● Data to process
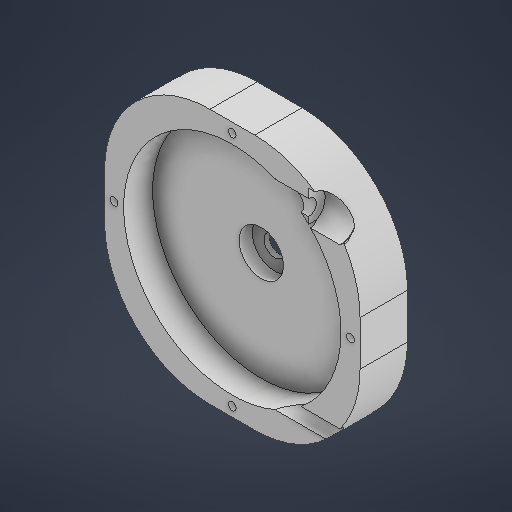
# Autodesk Inventor part: Case
Saved by Autodesk Inventor 2025.3 (Build 293356030, 356C)
## iProperties
Created: 2025-10-02
Part Number: Case
Material: Generic
Document SubType Name: Modeling
Designer: yo
Density: 1 g/cm^3
Appearance: Default
Author: yo
Autodesk Inventor part; units mm, degrees
ref_plane "YZ Plane" through (0, 0, 0) normal (1, 0, 0) x (0, 1, 0)
ref_plane "XZ Plane" through (0, 0, 0) normal (0, 1, 0) x (-1, 0, 0)
ref_plane "XY Plane" through (0, 0, 0) normal (0, 0, 1) x (1, 0, 0)
sketch "Sketch1" plane through (0, 0, 0) normal (0, 0, 1) x (1, 0, 0)
  line L0 (-8.5, 48.5) -> (8.5, 48.5)
  line L1 (48.5, 8.5) -> (48.5, -8.5)
  line L2 (8.5, -48.5) -> (-8.5, -48.5)
  line L3 (-48.5, -8.5) -> (-48.5, 8.5)
  circle A0 centre (0, 0) radius 41.25
  circle A1 centre (0, 0) radius 8.45
  circle A2 centre (0, 0) radius 4
  arc A3 (48.5, 8.5) -> (8.5, 48.5) centre (8.5, 8.5) ccw
  arc A4 (8.5, -48.5) -> (48.5, -8.5) centre (8.5, -8.5) ccw
  arc A5 (-48.5, -8.5) -> (-8.5, -48.5) centre (-8.5, -8.5) ccw
  arc A6 (-8.5, 48.5) -> (-48.5, 8.5) centre (-8.5, 8.5) ccw
  point P0 (-48.5, 48.5)
  point P1 (48.5, -48.5)
  point P2 (48.5, 48.5)
  point P3 (-48.5, -48.5)
  point P4 (0, 48.5)
  point P5 (48.5, 0)
  dimension "d0" = 97
  dimension "d1" = 82.5
  dimension "d2" = 16.9
  dimension "d3" = 8
  dimension "d10" = 40
  constraints: 8 end point, 8 point on circle, 8 point on line, 8 tangent, 7 centre point, 3 coincident, 3 equal radius, 2 midpoint, 2 parallel, 2 perpendicular, 1 horizontal, 1 horizontal alignment, 1 vertical alignment
  measures "d0" distance of point (-48.5, 48.5) point (48.5, 48.5)
  measures "d1" diameter of A0
  measures "d2" diameter of A1
  measures "d3" diameter of A2
  measures "d10" radius of A3
extrude "Extrusion1" add sketch "Sketch1" along normal blind 2 contours A1
extrude "Extrusion2" add sketch "Sketch1" along normal blind 7 contours A0
extrude "Extrusion3" add sketch "Sketch1" along normal blind 18 contours L0 A3 L1 A4 L2 A5 L3 A6
sketch "Sketch3" plane through (0, 0, 18) normal (0, 0, 1) x (1, 0, 0)
  circle A0 centre (0, 0) radius 41.25
  line L0 (21.9501, 34.925) -> (64.9501, 34.925)
  line L1 (41.9501, 40.25) -> (47.9501, 40.25)
  line L2 (49.9501, 42.25) -> (64.9501, 42.25)
  line L3 (40.9501, 41.25) -> (28.9501, 41.25)
  line L4 (49.9501, 42.25) -> (47.9501, 40.25)
  line L5 (40.9501, 41.25) -> (41.9501, 40.25)
  line L6 (47.9501, 40.25) -> (64.9501, 40.25) construction
  line L7 (41.9501, 40.25) -> (28.9501, 40.25) construction
  line L8 (64.9501, 42.25) -> (64.9501, 34.925)
  line L9 (28.9501, 37.925) -> (21.9501, 37.925)
  line L10 (28.9501, 37.925) -> (28.9501, 41.25)
  line L11 (21.9501, 37.925) -> (21.9501, 34.925) construction
  line L12 (21.9501, 34.925) -> (16.225193, 34.925)
  line L13 (21.9501, 37.925) -> (16.225193, 37.925)
  line L14 (16.225193, 34.925) -> (16.225193, 37.925)
  circle A1 centre (0, 0) radius 4
  line L15 (0, 0) -> (48.5, 0)
  line L16 (48.5, -8.5) -> (48.5, 8.5)
  line L17 (21.9501, -34.925) -> (64.9501, -34.925)
  line L18 (41.9501, -40.25) -> (47.9501, -40.25)
  line L19 (49.9501, -42.25) -> (64.9501, -42.25)
  line L20 (40.9501, -41.25) -> (28.9501, -41.25)
  line L21 (49.9501, -42.25) -> (47.9501, -40.25)
  line L22 (40.9501, -41.25) -> (41.9501, -40.25)
  line L23 (47.9501, -40.25) -> (64.9501, -40.25) construction
  line L24 (41.9501, -40.25) -> (28.9501, -40.25) construction
  line L25 (64.9501, -42.25) -> (64.9501, -34.925)
  line L26 (28.9501, -37.925) -> (21.9501, -37.925)
  line L27 (28.9501, -37.925) -> (28.9501, -41.25)
  line L28 (21.9501, -37.925) -> (21.9501, -34.925) construction
  line L29 (21.9501, -34.925) -> (16.225193, -34.925)
  line L30 (21.9501, -37.925) -> (16.225193, -37.925)
  line L31 (16.225193, -34.925) -> (16.225193, -37.925)
  line L32 (28.9501, -37.925) -> (64.9501, -37.925)
  point P0 (16.225193, -37.925)
  dimension "d12" = 10.65
  dimension "d13" = 14.65
  dimension "d14" = 12.65
  dimension "d15" = 45
  dimension "d16" = 45
  dimension "d17" = 15
  dimension "d18" = 6
  dimension "d19" = 12
  dimension "d21" = 7
  dimension "d22" = 6
  constraints: 64 end point, 14 symmetric about line, 9 horizontal, 4 vertical, 4 vertical alignment, 2 point on circle, 1 midpoint, 1 perpendicular, 1 point on line, 1 tangent
  measures "d12" diameter of L1 L0
  measures "d13" diameter of L2 L0
  measures "d14" diameter of L3 L0
  measures "d15" angle of L6 L4
  measures "d16" angle of L5 L7
  measures "d17" distance of L2.start L2.end
  measures "d18" distance of L1.start L1.end
  measures "d19" distance of L3.start L3.end
  measures "d21" distance of L9.start L9.end
  measures "d22" diameter of L9 L0
sketch "Sketch3 outline for Revolution1" plane through (0, 0, 18) normal (0, 0, 1) x (1, 0, 0)
  line L0 (64.9501, 34.925) -> (64.9501, 42.25)
  line L1 (21.9501, 34.925) -> (64.9501, 34.925)
  arc A0 (16.225193, 37.925) -> (21.9501, 34.925) centre (0, 0) cw
  line L2 (21.9501, 37.925) -> (16.225193, 37.925)
  line L3 (28.9501, 37.925) -> (21.9501, 37.925)
  line L4 (28.9501, 41.25) -> (28.9501, 37.925)
  line L5 (40.9501, 41.25) -> (28.9501, 41.25)
  line L6 (41.9501, 40.25) -> (40.9501, 41.25)
  line L7 (47.9501, 40.25) -> (41.9501, 40.25)
  line L8 (49.9501, 42.25) -> (47.9501, 40.25)
  line L9 (64.9501, 42.25) -> (49.9501, 42.25)
revolve "Revolution1" cut sketch "Sketch3 outline for Revolution1" angle 360 about axis through (21.9501, 34.925, 18) along (1, 0, 0)
sketch "Sketch3 outline for Revolution2" plane through (0, 0, 18) normal (0, 0, 1) x (1, 0, 0)
  line L0 (21.9501, -37.925) -> (28.9501, -37.925)
  line L1 (16.225193, -37.925) -> (21.9501, -37.925)
  arc A0 (21.9501, -34.925) -> (16.225193, -37.925) centre (0, 0) cw
  line L2 (64.9501, -34.925) -> (21.9501, -34.925)
  line L3 (64.9501, -37.925) -> (64.9501, -34.925)
  line L4 (28.9501, -37.925) -> (64.9501, -37.925)
revolve "Revolution2" cut sketch "Sketch3 outline for Revolution2" angle 360 about axis through (21.9501, -34.925, 18) along (1, 0, 0)
sketch "Sketch4" plane through (0, 0, 18) normal (0, 0, 1) x (1, 0, 0)
  line L0 (35.59556, -37.925) -> (16.225193, -37.925) construction
  arc A0 (16.225193, 37.925) -> (16.225193, -37.925) centre (0, 0) ccw construction
  line L1 (16.225193, 37.925) -> (28.9501, 37.925) construction
  line L2 (28.9501, 37.925) -> (28.9501, 41.25) construction
  line L3 (28.9501, 41.25) -> (31.466007, 41.25) construction
  arc A1 (31.466007, 41.25) -> (8.5, 48.5) centre (8.5, 8.5) ccw construction
  line L4 (8.5, 48.5) -> (-8.5, 48.5) construction
  arc A2 (-8.5, 48.5) -> (-48.5, 8.5) centre (-8.5, 8.5) ccw construction
  line L5 (-48.5, 8.5) -> (-48.5, -8.5) construction
  arc A3 (-48.5, -8.5) -> (-8.5, -48.5) centre (-8.5, -8.5) ccw construction
  line L6 (-8.5, -48.5) -> (8.5, -48.5) construction
  arc A4 (8.5, -48.5) -> (35.59556, -37.925) centre (8.5, -8.5) ccw construction
  line L7 (26.121962, -31.925) -> (40.923284, -31.925) construction
  arc A5 (40.923284, -31.925) -> (48.5, -8.5) centre (8.5, -8.5) ccw construction
  line L8 (48.5, -8.5) -> (48.5, 8.5) construction
  arc A6 (48.5, 8.5) -> (42.482201, 29.6) centre (8.5, 8.5) ccw construction
  line L9 (42.482201, 29.6) -> (41.9501, 29.6) construction
  line L10 (41.9501, 29.6) -> (40.9501, 28.6) construction
  line L11 (40.9501, 28.6) -> (29.725452, 28.6) construction
  arc A7 (26.121962, -31.925) -> (29.725452, 28.6) centre (0, 0) ccw construction
  line L12 (-48.5, 0) -> (-41.25, 0) construction
  circle A8 centre (-44.875, 0) radius 1.485
  circle A9 centre (0, -44.875) radius 1.485
  circle A10 centre (44.875, 0) radius 1.485
  circle A11 centre (0, 44.875) radius 1.485
  dimension "d25" = 2.97
  dimension "d28" = 360
  constraints: 4 centre point, 2 end point, 2 midpoint, 1 point on circle, 9 other
  measures "d25" diameter of A8
extrude "Extrusion4" cut sketch "Sketch4" against normal through all
body "Solid1"

● Task requirements
Please give back exactly the lines of this listing beginning at the line with "line L2 (64.9501, -34.925)" and ending with the line with "-34.925, 18) along (1, 0, 0)", both included, and nothing else.

● Solution for this problem
  line L2 (64.9501, -34.925) -> (21.9501, -34.925)
  line L3 (64.9501, -37.925) -> (64.9501, -34.925)
  line L4 (28.9501, -37.925) -> (64.9501, -37.925)
revolve "Revolution2" cut sketch "Sketch3 outline for Revolution2" angle 360 about axis through (21.9501, -34.925, 18) along (1, 0, 0)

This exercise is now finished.